Hyacinthe : séance spéciale à Cannes avec le réalisateur

Le 7 mars dernier, la MJC Ranguin à Cannes a accueilli la projection du film, Hyacinthe, réalisé par Bernard Mazauric. Il a échangé avec le public après la séance pour revenir sur le processus de création de son œuvre et les défis rencontrés.

Bernard Mazauric présente son dernier film Hyacinthe dans une MJC à Cannes. Photo Juliette Guibert

Dans la salle de la Maison des Jeunes et de la Culture (MJC) Ranguin à Cannes, quelques spectateurs assistent à la projection de Hyacinthe, film réalisé par Bernard Mazauric. L’œuvre raconte l’histoire de Hyacinthe, incarné par Patrice Quarteron, un homme introverti et psychiquement fragile, qui perd sa mère. Reda, joué par Denis Lavant, un ami de la famille, accepte à contrecœur de devenir son tuteur.

Jean-Luc, un spectateur présent à la projection, remarque : « Il y a beaucoup de violence dans ce film, mais aussi une certaine humanité ». Bernard Mazauric souligne que la relation entre les deux personnages évolue progressivement : « C’est une amitié dans laquelle Reda va d’abord dominer Hyacinthe, puis la dynamique s’inverse au fur et à mesure ».

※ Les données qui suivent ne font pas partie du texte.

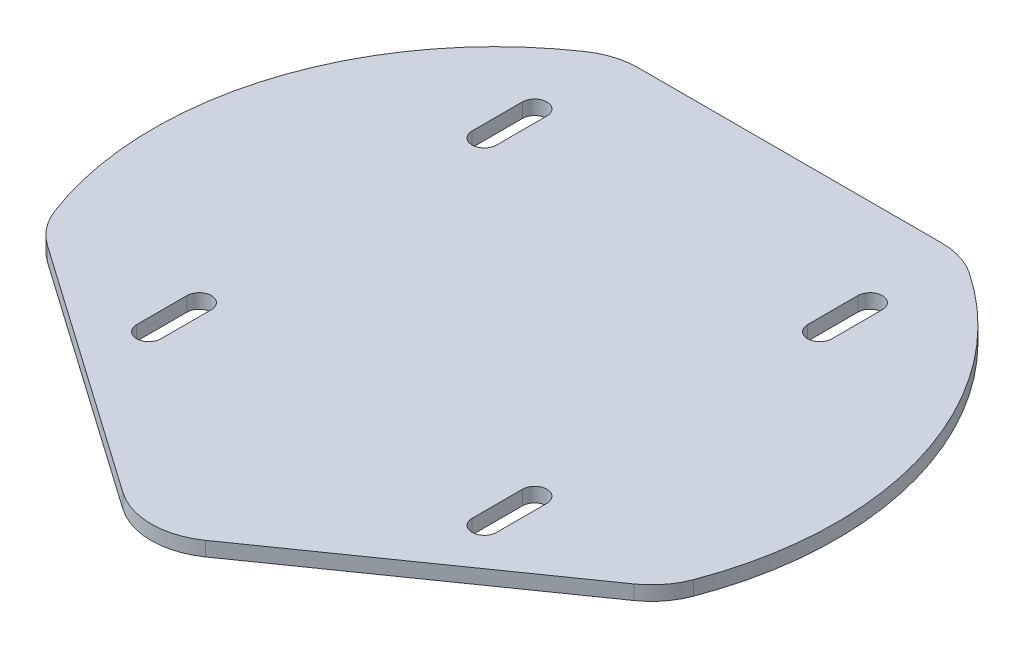
from build123d import *

# Parameters (mm, degrees)
BOSS_EXTRUDE1_DEPTH     = 2
ENL_V_MAT_EXTRU_1_REACH = 71.032
CONG_1_R                = 10


with BuildPart() as part:
    # Sketch1 → Boss-Extrude1 (new body)
    with BuildSketch(Plane(origin=(0, 0, 0), x_dir=(1, 0, 0), z_dir=(0, 1, 0))):
        with BuildLine():
            ThreePointArc((-23.98436991, 41), (-45.301555161, 14.283525476), (-43.163479533, -19.828364395))
            Line((-43.163479533, -19.828364395), (0, -50.051758139))
            Line((0, -50.051758139), (43.163479533, -19.828364395))
            ThreePointArc((43.163479533, -19.828364395), (45.301555161, 14.283525476), (23.98436991, 41))
            Line((23.98436991, 41), (-23.98436991, 41))
        make_face()
    extrude(amount=BOSS_EXTRUDE1_DEPTH)

    # Esquisse1 → Enlèv. mat.-Extru.1 (cut, up to next)
    with BuildSketch(Plane(origin=(0, 2, 0), x_dir=(1, 0, 0), z_dir=(0, 1, 0)), mode=Mode.PRIVATE) as enl_v_mat_extru_1_sk1:
        with BuildLine():
            Line((-21.634523779, 28.834523779), (-21.634523779, 21.834523779))
            ThreePointArc((-21.634523779, 21.834523779), (-23.334523779, 20.134523779), (-25.034523779, 21.834523779))
            Line((-25.034523779, 21.834523779), (-25.034523779, 28.834523779))
            ThreePointArc((-25.034523779, 28.834523779), (-23.334523779, 30.534523779), (-21.634523779, 28.834523779))
        make_face()
    enl_v_mat_extru_1_tool1 = extrude(enl_v_mat_extru_1_sk1.sketch, amount=-ENL_V_MAT_EXTRU_1_REACH, mode=Mode.PRIVATE) & part.part
    # Esquisse1 → Enlèv. mat.-Extru.1 (cut, up to next)
    with BuildSketch(Plane(origin=(0, 2, 0), x_dir=(1, 0, 0), z_dir=(0, 1, 0)), mode=Mode.PRIVATE) as enl_v_mat_extru_1_sk2:
        with BuildLine():
            Line((21.634523779, 21.834523779), (21.634523779, 28.834523779))
            ThreePointArc((21.634523779, 28.834523779), (23.334523779, 30.534523779), (25.034523779, 28.834523779))
            Line((25.034523779, 28.834523779), (25.034523779, 21.834523779))
            ThreePointArc((25.034523779, 21.834523779), (23.334523779, 20.134523779), (21.634523779, 21.834523779))
        make_face()
    enl_v_mat_extru_1_tool2 = extrude(enl_v_mat_extru_1_sk2.sketch, amount=-ENL_V_MAT_EXTRU_1_REACH, mode=Mode.PRIVATE) & part.part
    # Esquisse1 → Enlèv. mat.-Extru.1 (cut, up to next)
    with BuildSketch(Plane(origin=(0, 2, 0), x_dir=(1, 0, 0), z_dir=(0, 1, 0)), mode=Mode.PRIVATE) as enl_v_mat_extru_1_sk3:
        with BuildLine():
            Line((21.634523779, -24.834523779), (21.634523779, -17.834523779))
            ThreePointArc((21.634523779, -17.834523779), (23.334523779, -16.134523779), (25.034523779, -17.834523779))
            Line((25.034523779, -17.834523779), (25.034523779, -24.834523779))
            ThreePointArc((25.034523779, -24.834523779), (23.334523779, -26.534523779), (21.634523779, -24.834523779))
        make_face()
    enl_v_mat_extru_1_tool3 = extrude(enl_v_mat_extru_1_sk3.sketch, amount=-ENL_V_MAT_EXTRU_1_REACH, mode=Mode.PRIVATE) & part.part
    # Esquisse1 → Enlèv. mat.-Extru.1 (cut, up to next)
    with BuildSketch(Plane(origin=(0, 2, 0), x_dir=(1, 0, 0), z_dir=(0, 1, 0)), mode=Mode.PRIVATE) as enl_v_mat_extru_1_sk4:
        with BuildLine():
            Line((-25.034523779, -24.834523779), (-25.034523779, -17.834523779))
            ThreePointArc((-25.034523779, -17.834523779), (-23.334523779, -16.134523779), (-21.634523779, -17.834523779))
            Line((-21.634523779, -17.834523779), (-21.634523779, -24.834523779))
            ThreePointArc((-21.634523779, -24.834523779), (-23.334523779, -26.534523779), (-25.034523779, -24.834523779))
        make_face()
    enl_v_mat_extru_1_tool4 = extrude(enl_v_mat_extru_1_sk4.sketch, amount=-ENL_V_MAT_EXTRU_1_REACH, mode=Mode.PRIVATE) & part.part
    add(enl_v_mat_extru_1_tool1.solids().sort_by_distance((-23.334524, 2, -25.334524))[0], mode=Mode.SUBTRACT)
    add(enl_v_mat_extru_1_tool2.solids().sort_by_distance((23.334524, 2, -25.334524))[0], mode=Mode.SUBTRACT)
    add(enl_v_mat_extru_1_tool3.solids().sort_by_distance((23.334524, 2, 21.334524))[0], mode=Mode.SUBTRACT)
    add(enl_v_mat_extru_1_tool4.solids().sort_by_distance((-23.334524, 2, 21.334524))[0], mode=Mode.SUBTRACT)

    # Congé1
    cong_1_edges = [part.edges().sort_by_distance(p)[0] for p in [
        (43.163479533, 1, 19.828364395),
        (23.98436991, 1, -41),
        (-23.98436991, 1, -41),
        (-43.163479533, 1, 19.828364395),
        (0, 1, 50.051758139),
    ]]
    fillet(cong_1_edges, radius=CONG_1_R)


solid = part.part

« Une sensibilité comme ça, il faut s’en emparer« 

Patrice Quarteron, ancien champion de boxe, est choisi par le réalisateur dès le début du projet. Ce dernier se rappelle d’une interview qu’il a vue à la télévision : « Cet ancien boxeur de haut niveau qui lâchait une grosse larme devant le témoignage d’une actrice m’a beaucoup touché ». « Il a un physique imposant, mais, une sensibilité comme ça, il faut s’en emparer », confie-t-il. L’acteur a peu de répliques dans le film. Michel, venu à la séance, remarque : « Avec Hyacinthe, ils forment un beau couple d’acteurs ». Denis Lavant incarne Reda avec une présence marquée. « Il joue beaucoup avec son corps », développe le cinéaste. Jamel Debbouze avait été envisagé pour ce rôle, mais l’artiste n’a jamais reçu de réponse.

Une des scènes marquantes montre le personnage principal prenant soin d’une souris. « Tourner avec une souris est extrêmement difficile », confie l’ancien directeur de production. Il explique qu’avec cette scène, il cherche à rappeler des œuvres comme Des souris et des hommes, roman de John Steinbeck. Un passage du film montre les protagonistes travailler dans les champs pour subvenir à leurs besoins et se cacher de leurs ennemis. « Ces scènes sont une réminiscence des deux personnages du roman qui réalisent, eux aussi, des travaux dans les fermes californiennes », explique l’homme lors de l’entretien avec le public.

Une production et un accueil compliqué

Le tournage de Hyacinthe a été retardé par la blessure de Patrice Quarteron à l’œil. Lors d’un combat, il a subi un coup qui l’a empêché de refaire de la boxe, même pour un film. Les scènes de combat ont dû être tournées des mois après. La production a duré deux ans avec plusieurs sessions de montages différentes. « Honnêtement, la partie la plus compliquée était le financement », avoue-t-il. « Certains distributeurs ne regardaient même pas le film. Pour avoir été moi-même producteur, je ne leur en veux pas, mais c’est frustrant », admet le réalisateur.

Il revient sur son parcours : après avoir arrêté ses études de lettres, il débute dans le cinéma comme stagiaire auprès de Marcel Carné, réalisateur des Enfants du paradis (1945). « Depuis mes 20 ans, j’ai toujours été dans le milieu du cinéma », précise-t-il.

Après une avant-première à Nice devant 350 spectateurs, le contraste avec la séance à la MJC Ranguin est marquant. Pourtant, le septuagénaire reste satisfait : « Cela fait une balance, et j’aime tout autant l’esprit MJC avec peu de spectateurs, je peux plus échanger avec eux ».